L'Apostolo, allora, non dovrebbe avere spazio
all'interno della nostra rubrica che è dedicata
al "bello della Bibbia".
In realtà c'è una bellezza che non è
necessariamente formale, cioè estrinseca,
espressa nell'aspetto stilistico di un testo, ma
che sboccia nella sostanza del messaggio.
Inoltre oggi si è inclini, più di quanto
suggerisse il celebre traduttore della Bibbia in
latino, cioè Girolamo, ad apprezzare lo stile
originale paolino.
La sua originalità appare soprattutto nel modo
con cui manipola il vocabolario greco attribuendo
a termini collaudati significati del tutto nuovi,
rivelando così una creatività sorprendente.
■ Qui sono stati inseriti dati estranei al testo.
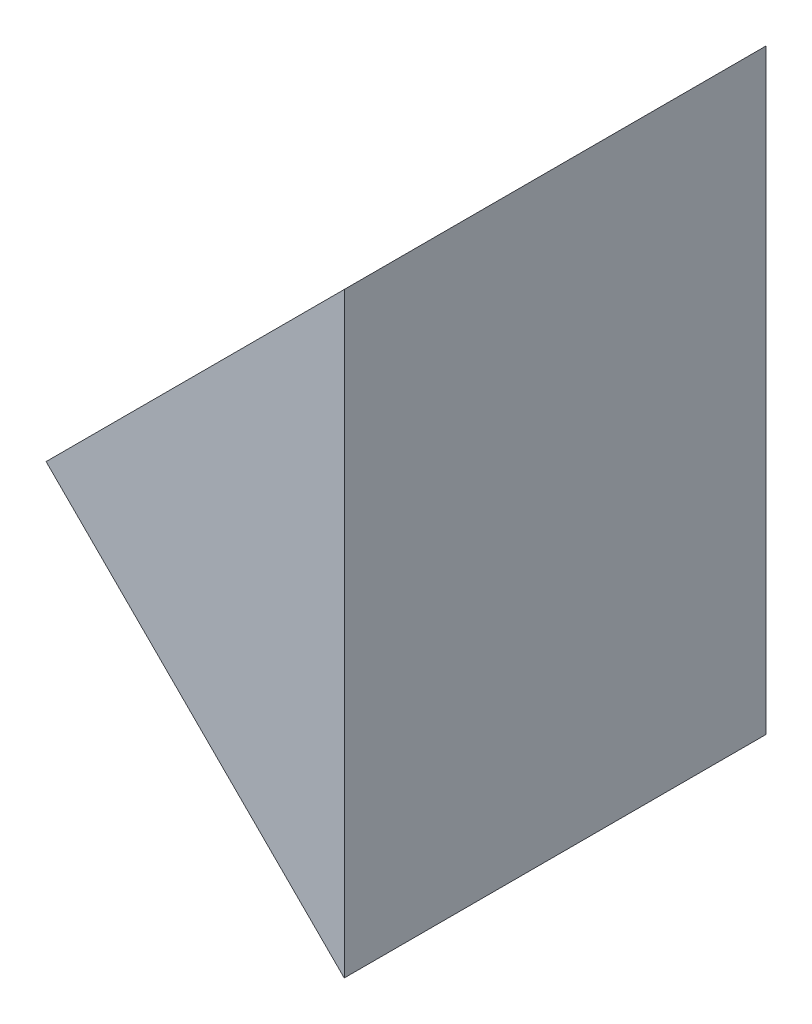
ISO-10303-21;
HEADER;
FILE_DESCRIPTION(('STEP AP214'),'2;1');
FILE_NAME('part.step','',(''),(''),'','','');
FILE_SCHEMA(('AUTOMOTIVE_DESIGN { 1 0 10303 214 1 1 1 1 }'));
ENDSEC;
DATA;
#1=APPLICATION_CONTEXT('core data for automotive mechanical design processes');
#2=APPLICATION_PROTOCOL_DEFINITION('international standard','automotive_design',2000,#1);
#3=PRODUCT_CONTEXT('',#1,'mechanical');
#4=PRODUCT('Part','Part','',(#3));
#5=PRODUCT_RELATED_PRODUCT_CATEGORY('part','',(#4));
#6=PRODUCT_DEFINITION_FORMATION('','',#4);
#7=PRODUCT_DEFINITION_CONTEXT('part definition',#1,'design');
#8=PRODUCT_DEFINITION('design','',#6,#7);
#9=PRODUCT_DEFINITION_SHAPE('','',#8);
#10=(LENGTH_UNIT() NAMED_UNIT(*) SI_UNIT(.MILLI.,.METRE.));
#11=(NAMED_UNIT(*) PLANE_ANGLE_UNIT() SI_UNIT($,.RADIAN.));
#12=(NAMED_UNIT(*) SI_UNIT($,.STERADIAN.) SOLID_ANGLE_UNIT());
#13=UNCERTAINTY_MEASURE_WITH_UNIT(LENGTH_MEASURE(1.E-05),#10,'distance_accuracy_value','');
#14=(GEOMETRIC_REPRESENTATION_CONTEXT(3) GLOBAL_UNCERTAINTY_ASSIGNED_CONTEXT((#13)) GLOBAL_UNIT_ASSIGNED_CONTEXT((#10,
#11,#12)) REPRESENTATION_CONTEXT('',''));
#15=CARTESIAN_POINT('',(0.,0.,0.));
#16=DIRECTION('',(0.,0.,1.));
#17=DIRECTION('',(1.,0.,0.));
#18=AXIS2_PLACEMENT_3D('',#15,#16,#17);
#19=CARTESIAN_POINT('',(277.383349762975,68.8784627641703,25.));
#20=DIRECTION('',(0.707106781186548,0.707106781186547,0.));
#21=DIRECTION('',(-0.707106781186547,0.707106781186548,0.));
#22=AXIS2_PLACEMENT_3D('',#19,#20,#21);
#23=PLANE('',#22);
#24=DIRECTION('',(0.707106781186547,-0.707106781186549,0.));
#25=VECTOR('',#24,1.);
#26=CARTESIAN_POINT('',(277.383349762975,68.8784627641703,0.));
#27=LINE('',#26,#25);
#28=CARTESIAN_POINT('',(277.383349762975,68.8784627641703,0.));
#29=VERTEX_POINT('',#28);
#30=CARTESIAN_POINT('',(295.061019292638,51.2007932345066,0.));
#31=VERTEX_POINT('',#30);
#32=EDGE_CURVE('E84',#29,#31,#27,.T.);
#33=ORIENTED_EDGE('',*,*,#32,.T.);
#34=DIRECTION('',(0.,0.,-1.));
#35=VECTOR('',#34,1.);
#36=CARTESIAN_POINT('',(295.061019292638,51.2007932345066,25.));
#37=LINE('',#36,#35);
#38=CARTESIAN_POINT('',(295.061019292638,51.2007932345066,25.));
#39=VERTEX_POINT('',#38);
#40=EDGE_CURVE('E11',#39,#31,#37,.T.);
#41=ORIENTED_EDGE('',*,*,#40,.F.);
#42=DIRECTION('',(0.707106781186547,-0.707106781186549,0.));
#43=VECTOR('',#42,1.);
#44=CARTESIAN_POINT('',(277.383349762975,68.8784627641703,25.));
#45=LINE('',#44,#43);
#46=CARTESIAN_POINT('',(277.383349762975,68.8784627641703,25.));
#47=VERTEX_POINT('',#46);
#48=EDGE_CURVE('E77',#47,#39,#45,.T.);
#49=ORIENTED_EDGE('',*,*,#48,.F.);
#50=DIRECTION('',(0.,0.,-1.));
#51=VECTOR('',#50,1.);
#52=CARTESIAN_POINT('',(277.383349762975,68.8784627641703,25.));
#53=LINE('',#52,#51);
#54=EDGE_CURVE('E85',#47,#29,#53,.T.);
#55=ORIENTED_EDGE('',*,*,#54,.T.);
#56=EDGE_LOOP('',(#33,#41,#49,#55));
#57=FACE_BOUND('',#56,.T.);
#58=ADVANCED_FACE('F37',(#57),#23,.F.);
#59=CARTESIAN_POINT('',(295.061019292638,51.2007932345066,25.));
#60=DIRECTION('',(-1.,0.,0.));
#61=DIRECTION('',(0.,-1.,0.));
#62=AXIS2_PLACEMENT_3D('',#59,#60,#61);
#63=PLANE('',#62);
#64=DIRECTION('',(0.,1.,0.));
#65=VECTOR('',#64,1.);
#66=CARTESIAN_POINT('',(295.061019292638,51.2007932345066,0.));
#67=LINE('',#66,#65);
#68=CARTESIAN_POINT('',(295.061019292638,86.556132293834,0.));
#69=VERTEX_POINT('',#68);
#70=EDGE_CURVE('E65',#31,#69,#67,.T.);
#71=ORIENTED_EDGE('',*,*,#70,.T.);
#72=DIRECTION('',(0.,0.,-1.));
#73=VECTOR('',#72,1.);
#74=CARTESIAN_POINT('',(295.061019292638,86.556132293834,25.));
#75=LINE('',#74,#73);
#76=CARTESIAN_POINT('',(295.061019292638,86.556132293834,25.));
#77=VERTEX_POINT('',#76);
#78=EDGE_CURVE('E45',#77,#69,#75,.T.);
#79=ORIENTED_EDGE('',*,*,#78,.F.);
#80=DIRECTION('',(0.,1.,0.));
#81=VECTOR('',#80,1.);
#82=CARTESIAN_POINT('',(295.061019292638,51.2007932345066,25.));
#83=LINE('',#82,#81);
#84=EDGE_CURVE('E73',#39,#77,#83,.T.);
#85=ORIENTED_EDGE('',*,*,#84,.F.);
#86=ORIENTED_EDGE('',*,*,#40,.T.);
#87=EDGE_LOOP('',(#71,#79,#85,#86));
#88=FACE_BOUND('',#87,.T.);
#89=ADVANCED_FACE('F74',(#88),#63,.F.);
#90=CARTESIAN_POINT('',(277.383349762975,68.8784627641703,25.));
#91=DIRECTION('',(0.707106781186547,-0.707106781186548,0.));
#92=DIRECTION('',(0.707106781186548,0.707106781186547,0.));
#93=AXIS2_PLACEMENT_3D('',#90,#91,#92);
#94=PLANE('',#93);
#95=DIRECTION('',(-0.707106781186548,-0.707106781186547,0.));
#96=VECTOR('',#95,1.);
#97=CARTESIAN_POINT('',(277.383349762975,68.8784627641703,0.));
#98=LINE('',#97,#96);
#99=EDGE_CURVE('E70',#69,#29,#98,.T.);
#100=ORIENTED_EDGE('',*,*,#99,.T.);
#101=ORIENTED_EDGE('',*,*,#54,.F.);
#102=DIRECTION('',(-0.707106781186548,-0.707106781186547,0.));
#103=VECTOR('',#102,1.);
#104=CARTESIAN_POINT('',(277.383349762975,68.8784627641703,25.));
#105=LINE('',#104,#103);
#106=EDGE_CURVE('E53',#77,#47,#105,.T.);
#107=ORIENTED_EDGE('',*,*,#106,.F.);
#108=ORIENTED_EDGE('',*,*,#78,.T.);
#109=EDGE_LOOP('',(#100,#101,#107,#108));
#110=FACE_BOUND('',#109,.T.);
#111=ADVANCED_FACE('F92',(#110),#94,.F.);
#112=CARTESIAN_POINT('',(0.,0.,25.));
#113=DIRECTION('',(0.,0.,1.));
#114=DIRECTION('',(1.,0.,0.));
#115=AXIS2_PLACEMENT_3D('',#112,#113,#114);
#116=PLANE('',#115);
#117=ORIENTED_EDGE('',*,*,#48,.T.);
#118=ORIENTED_EDGE('',*,*,#84,.T.);
#119=ORIENTED_EDGE('',*,*,#106,.T.);
#120=EDGE_LOOP('',(#117,#118,#119));
#121=FACE_BOUND('',#120,.T.);
#122=ADVANCED_FACE('F80',(#121),#116,.T.);
#123=CARTESIAN_POINT('',(0.,0.,0.));
#124=DIRECTION('',(0.,0.,1.));
#125=DIRECTION('',(1.,0.,0.));
#126=AXIS2_PLACEMENT_3D('',#123,#124,#125);
#127=PLANE('',#126);
#128=ORIENTED_EDGE('',*,*,#32,.F.);
#129=ORIENTED_EDGE('',*,*,#99,.F.);
#130=ORIENTED_EDGE('',*,*,#70,.F.);
#131=EDGE_LOOP('',(#128,#129,#130));
#132=FACE_BOUND('',#131,.T.);
#133=ADVANCED_FACE('F93',(#132),#127,.F.);
#134=CLOSED_SHELL('',(#58,#89,#111,#122,#133));
#135=MANIFOLD_SOLID_BREP('B2',#134);
#136=ADVANCED_BREP_SHAPE_REPRESENTATION('',(#18,#135),#14);
#137=SHAPE_DEFINITION_REPRESENTATION(#9,#136);
ENDSEC;
END-ISO-10303-21;
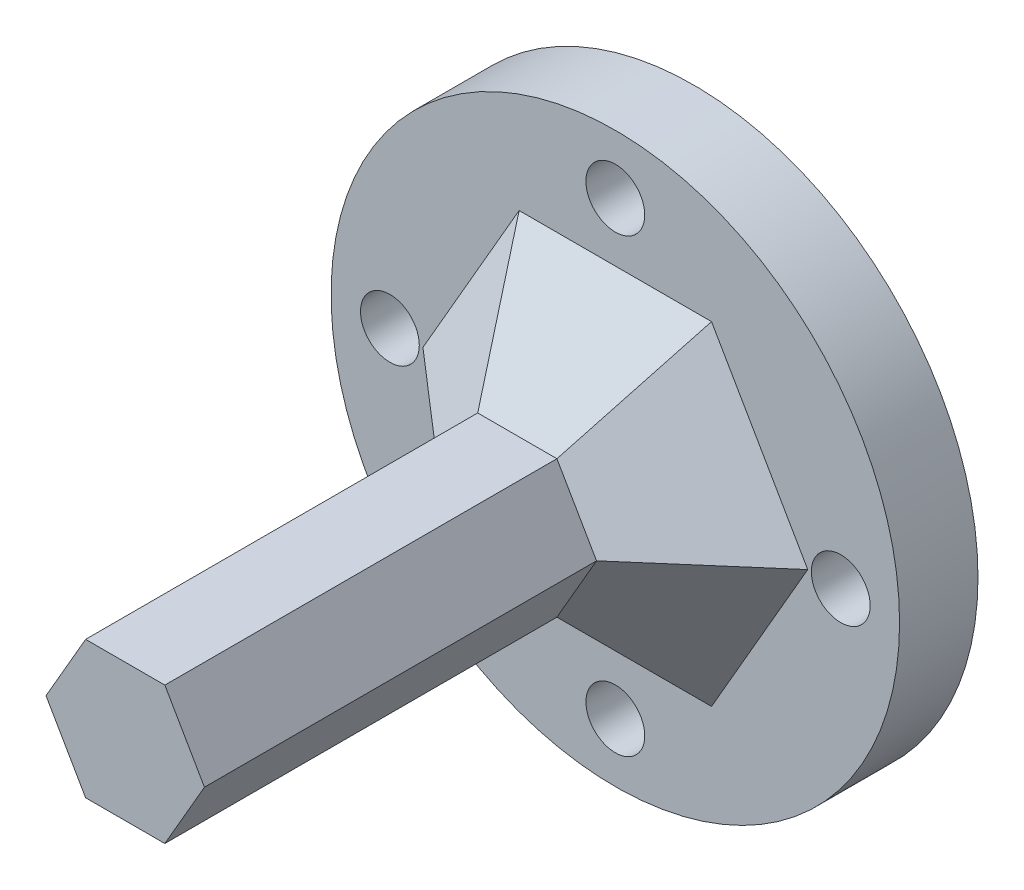
ISO-10303-21;
HEADER;
FILE_DESCRIPTION(('STEP AP214'),'2;1');
FILE_NAME('part.step','',(''),(''),'','','');
FILE_SCHEMA(('AUTOMOTIVE_DESIGN { 1 0 10303 214 1 1 1 1 }'));
ENDSEC;
DATA;
#1=APPLICATION_CONTEXT('core data for automotive mechanical design processes');
#2=APPLICATION_PROTOCOL_DEFINITION('international standard','automotive_design',2000,#1);
#3=PRODUCT_CONTEXT('',#1,'mechanical');
#4=PRODUCT('Part','Part','',(#3));
#5=PRODUCT_RELATED_PRODUCT_CATEGORY('part','',(#4));
#6=PRODUCT_DEFINITION_FORMATION('','',#4);
#7=PRODUCT_DEFINITION_CONTEXT('part definition',#1,'design');
#8=PRODUCT_DEFINITION('design','',#6,#7);
#9=PRODUCT_DEFINITION_SHAPE('','',#8);
#10=(LENGTH_UNIT() NAMED_UNIT(*) SI_UNIT(.MILLI.,.METRE.));
#11=(NAMED_UNIT(*) PLANE_ANGLE_UNIT() SI_UNIT($,.RADIAN.));
#12=(NAMED_UNIT(*) SI_UNIT($,.STERADIAN.) SOLID_ANGLE_UNIT());
#13=UNCERTAINTY_MEASURE_WITH_UNIT(LENGTH_MEASURE(1.E-05),#10,'distance_accuracy_value','');
#14=(GEOMETRIC_REPRESENTATION_CONTEXT(3) GLOBAL_UNCERTAINTY_ASSIGNED_CONTEXT((#13)) GLOBAL_UNIT_ASSIGNED_CONTEXT((#10,
#11,#12)) REPRESENTATION_CONTEXT('',''));
#15=CARTESIAN_POINT('',(0.,0.,0.));
#16=DIRECTION('',(0.,0.,1.));
#17=DIRECTION('',(1.,0.,0.));
#18=AXIS2_PLACEMENT_3D('',#15,#16,#17);
#19=CARTESIAN_POINT('',(43.4831412322115,-69.9890520639301,4.));
#20=DIRECTION('',(0.,0.,1.));
#21=DIRECTION('',(1.,0.,0.));
#22=AXIS2_PLACEMENT_3D('',#19,#20,#21);
#23=PLANE('',#22);
#24=DIRECTION('',(-0.5,0.866025403784439,0.));
#25=VECTOR('',#24,1.);
#26=CARTESIAN_POINT('',(36.1219253000442,-74.2390520639298,4.));
#27=LINE('',#26,#25);
#28=CARTESIAN_POINT('',(38.5756639440993,-78.4890520639285,4.));
#29=VERTEX_POINT('',#28);
#30=CARTESIAN_POINT('',(33.6681866559875,-69.9890520639286,4.));
#31=VERTEX_POINT('',#30);
#32=EDGE_CURVE('E168',#29,#31,#27,.T.);
#33=ORIENTED_EDGE('',*,*,#32,.T.);
#34=DIRECTION('',(0.500000000000001,0.866025403784438,0.));
#35=VECTOR('',#34,1.);
#36=CARTESIAN_POINT('',(36.1219253000429,-65.7390520639296,4.));
#37=LINE('',#36,#35);
#38=CARTESIAN_POINT('',(38.5756639440993,-61.4890520639286,4.));
#39=VERTEX_POINT('',#38);
#40=EDGE_CURVE('E178',#31,#39,#37,.T.);
#41=ORIENTED_EDGE('',*,*,#40,.T.);
#42=DIRECTION('',(1.,0.,0.));
#43=VECTOR('',#42,1.);
#44=CARTESIAN_POINT('',(43.4831412322115,-61.4890520639286,4.));
#45=LINE('',#44,#43);
#46=CARTESIAN_POINT('',(48.3906185203229,-61.4890520639286,4.));
#47=VERTEX_POINT('',#46);
#48=EDGE_CURVE('E176',#39,#47,#45,.T.);
#49=ORIENTED_EDGE('',*,*,#48,.T.);
#50=DIRECTION('',(0.500000000000001,-0.866025403784438,0.));
#51=VECTOR('',#50,1.);
#52=CARTESIAN_POINT('',(50.8443571643796,-65.7390520639299,4.));
#53=LINE('',#52,#51);
#54=CARTESIAN_POINT('',(53.2980958084347,-69.9890520639286,4.));
#55=VERTEX_POINT('',#54);
#56=EDGE_CURVE('E174',#47,#55,#53,.T.);
#57=ORIENTED_EDGE('',*,*,#56,.T.);
#58=DIRECTION('',(-0.500000000000001,-0.866025403784438,0.));
#59=VECTOR('',#58,1.);
#60=CARTESIAN_POINT('',(50.8443571643782,-74.2390520639295,4.));
#61=LINE('',#60,#59);
#62=CARTESIAN_POINT('',(48.3906185203229,-78.4890520639285,4.));
#63=VERTEX_POINT('',#62);
#64=EDGE_CURVE('E172',#55,#63,#61,.T.);
#65=ORIENTED_EDGE('',*,*,#64,.T.);
#66=DIRECTION('',(-1.,0.,0.));
#67=VECTOR('',#66,1.);
#68=CARTESIAN_POINT('',(43.4831412322115,-78.4890520639285,4.));
#69=LINE('',#68,#67);
#70=EDGE_CURVE('E170',#63,#29,#69,.T.);
#71=ORIENTED_EDGE('',*,*,#70,.T.);
#72=EDGE_LOOP('',(#33,#41,#49,#57,#65,#71));
#73=FACE_BOUND('',#72,.T.);
#74=CARTESIAN_POINT('',(31.9831412322117,-69.9890520639305,4.));
#75=DIRECTION('',(0.,0.,1.));
#76=DIRECTION('',(1.,0.,0.));
#77=AXIS2_PLACEMENT_3D('',#74,#75,#76);
#78=CIRCLE('',#77,1.49999999999953);
#79=CARTESIAN_POINT('',(33.4831412322112,-69.9890520639305,4.));
#80=VERTEX_POINT('',#79);
#81=EDGE_CURVE('E142',#80,#80,#78,.T.);
#82=ORIENTED_EDGE('',*,*,#81,.F.);
#83=EDGE_LOOP('',(#82));
#84=FACE_BOUND('',#83,.T.);
#85=CARTESIAN_POINT('',(43.4831412322117,-58.4890520639304,4.));
#86=DIRECTION('',(0.,0.,1.));
#87=DIRECTION('',(1.,0.,0.));
#88=AXIS2_PLACEMENT_3D('',#85,#86,#87);
#89=CIRCLE('',#88,1.49999999999958);
#90=CARTESIAN_POINT('',(44.9831412322113,-58.4890520639304,4.));
#91=VERTEX_POINT('',#90);
#92=EDGE_CURVE('E154',#91,#91,#89,.T.);
#93=ORIENTED_EDGE('',*,*,#92,.F.);
#94=EDGE_LOOP('',(#93));
#95=FACE_BOUND('',#94,.T.);
#96=CARTESIAN_POINT('',(43.4831412322115,-69.9890520639301,4.));
#97=DIRECTION('',(0.,0.,1.));
#98=DIRECTION('',(1.,0.,0.));
#99=AXIS2_PLACEMENT_3D('',#96,#97,#98);
#100=CIRCLE('',#99,14.4999999999996);
#101=CARTESIAN_POINT('',(57.9831412322111,-69.9890520639301,4.));
#102=VERTEX_POINT('',#101);
#103=EDGE_CURVE('E160',#102,#102,#100,.T.);
#104=ORIENTED_EDGE('',*,*,#103,.T.);
#105=EDGE_LOOP('',(#104));
#106=FACE_BOUND('',#105,.T.);
#107=CARTESIAN_POINT('',(54.9831412322117,-69.9890520639304,4.));
#108=DIRECTION('',(0.,0.,1.));
#109=DIRECTION('',(1.,0.,0.));
#110=AXIS2_PLACEMENT_3D('',#107,#108,#109);
#111=CIRCLE('',#110,1.49999999999944);
#112=CARTESIAN_POINT('',(56.4831412322111,-69.9890520639304,4.));
#113=VERTEX_POINT('',#112);
#114=EDGE_CURVE('E148',#113,#113,#111,.T.);
#115=ORIENTED_EDGE('',*,*,#114,.F.);
#116=EDGE_LOOP('',(#115));
#117=FACE_BOUND('',#116,.T.);
#118=CARTESIAN_POINT('',(43.4831412322116,-81.4890520639304,4.));
#119=DIRECTION('',(0.,0.,1.));
#120=DIRECTION('',(1.,0.,0.));
#121=AXIS2_PLACEMENT_3D('',#118,#119,#120);
#122=CIRCLE('',#121,1.49999999999938);
#123=CARTESIAN_POINT('',(44.983141232211,-81.4890520639304,4.));
#124=VERTEX_POINT('',#123);
#125=EDGE_CURVE('E133',#124,#124,#122,.T.);
#126=ORIENTED_EDGE('',*,*,#125,.F.);
#127=EDGE_LOOP('',(#126));
#128=FACE_BOUND('',#127,.T.);
#129=ADVANCED_FACE('F35',(#73,#84,#95,#106,#117,#128),#23,.T.);
#130=CARTESIAN_POINT('',(43.4831412322115,-69.9890520639301,0.));
#131=DIRECTION('',(0.,0.,1.));
#132=DIRECTION('',(1.,0.,0.));
#133=AXIS2_PLACEMENT_3D('',#130,#131,#132);
#134=PLANE('',#133);
#135=CARTESIAN_POINT('',(43.4831412322115,-69.9890520639301,0.));
#136=DIRECTION('',(0.,0.,1.));
#137=DIRECTION('',(1.,0.,0.));
#138=AXIS2_PLACEMENT_3D('',#135,#136,#137);
#139=CIRCLE('',#138,14.4999999999996);
#140=CARTESIAN_POINT('',(57.9831412322111,-69.9890520639301,0.));
#141=VERTEX_POINT('',#140);
#142=EDGE_CURVE('E157',#141,#141,#139,.T.);
#143=ORIENTED_EDGE('',*,*,#142,.F.);
#144=EDGE_LOOP('',(#143));
#145=FACE_BOUND('',#144,.T.);
#146=CARTESIAN_POINT('',(43.4831412322117,-58.4890520639304,0.));
#147=DIRECTION('',(0.,0.,1.));
#148=DIRECTION('',(1.,0.,0.));
#149=AXIS2_PLACEMENT_3D('',#146,#147,#148);
#150=CIRCLE('',#149,1.49999999999958);
#151=CARTESIAN_POINT('',(44.9831412322113,-58.4890520639304,0.));
#152=VERTEX_POINT('',#151);
#153=EDGE_CURVE('E151',#152,#152,#150,.T.);
#154=ORIENTED_EDGE('',*,*,#153,.T.);
#155=EDGE_LOOP('',(#154));
#156=FACE_BOUND('',#155,.T.);
#157=CARTESIAN_POINT('',(54.9831412322117,-69.9890520639304,0.));
#158=DIRECTION('',(0.,0.,1.));
#159=DIRECTION('',(1.,0.,0.));
#160=AXIS2_PLACEMENT_3D('',#157,#158,#159);
#161=CIRCLE('',#160,1.49999999999944);
#162=CARTESIAN_POINT('',(56.4831412322111,-69.9890520639304,0.));
#163=VERTEX_POINT('',#162);
#164=EDGE_CURVE('E145',#163,#163,#161,.T.);
#165=ORIENTED_EDGE('',*,*,#164,.T.);
#166=EDGE_LOOP('',(#165));
#167=FACE_BOUND('',#166,.T.);
#168=CARTESIAN_POINT('',(31.9831412322117,-69.9890520639305,0.));
#169=DIRECTION('',(0.,0.,1.));
#170=DIRECTION('',(1.,0.,0.));
#171=AXIS2_PLACEMENT_3D('',#168,#169,#170);
#172=CIRCLE('',#171,1.49999999999953);
#173=CARTESIAN_POINT('',(33.4831412322112,-69.9890520639305,0.));
#174=VERTEX_POINT('',#173);
#175=EDGE_CURVE('E140',#174,#174,#172,.T.);
#176=ORIENTED_EDGE('',*,*,#175,.T.);
#177=EDGE_LOOP('',(#176));
#178=FACE_BOUND('',#177,.T.);
#179=CARTESIAN_POINT('',(43.4831412322116,-81.4890520639304,0.));
#180=DIRECTION('',(0.,0.,1.));
#181=DIRECTION('',(1.,0.,0.));
#182=AXIS2_PLACEMENT_3D('',#179,#180,#181);
#183=CIRCLE('',#182,1.49999999999938);
#184=CARTESIAN_POINT('',(44.983141232211,-81.4890520639304,0.));
#185=VERTEX_POINT('',#184);
#186=EDGE_CURVE('E130',#185,#185,#183,.T.);
#187=ORIENTED_EDGE('',*,*,#186,.T.);
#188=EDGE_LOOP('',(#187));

È il caso di tre parole che appaiono nella
lettera ai Romani che, come ricorderete, vogliamo
proporre durante questa Quaresima.
Esse scandiscono soprattutto la prima parte della
lettera, cioè i capitoli 1-5, aperti da quella
celebre tesi che Paolo modella su una libera
citazione del profeta Abacuc (2,4); «Il giusto
mediante la fede vivrà» (Romani 1,17).
Queste parole sono negative, simili a tre stelle
nere: con la loro tenebra accecante trafiggono
l'orizzonte della storia umana.
La prima è sarx, "carne".
L'evangelista Giovanili usava questo vocabolo nel
suo valore normale, per indicare l'esistenza
fragile dell'uomo ed è per questo che affermava:
«Il Verbo (Cristo) si è fatto carne» (1,14).
Per Paolo, invece, sarx è un principio negativo
deleterio che si annida nel nostro cuore.
Immaginiamo la zizzania che pervade il terreno
seminato a grano, come narrava Gesù nella famosa
parabola (Matteo 13,24-30).
La sarx è, dunque, il terreno della vita e della
coscienza devastato da una forza maligna.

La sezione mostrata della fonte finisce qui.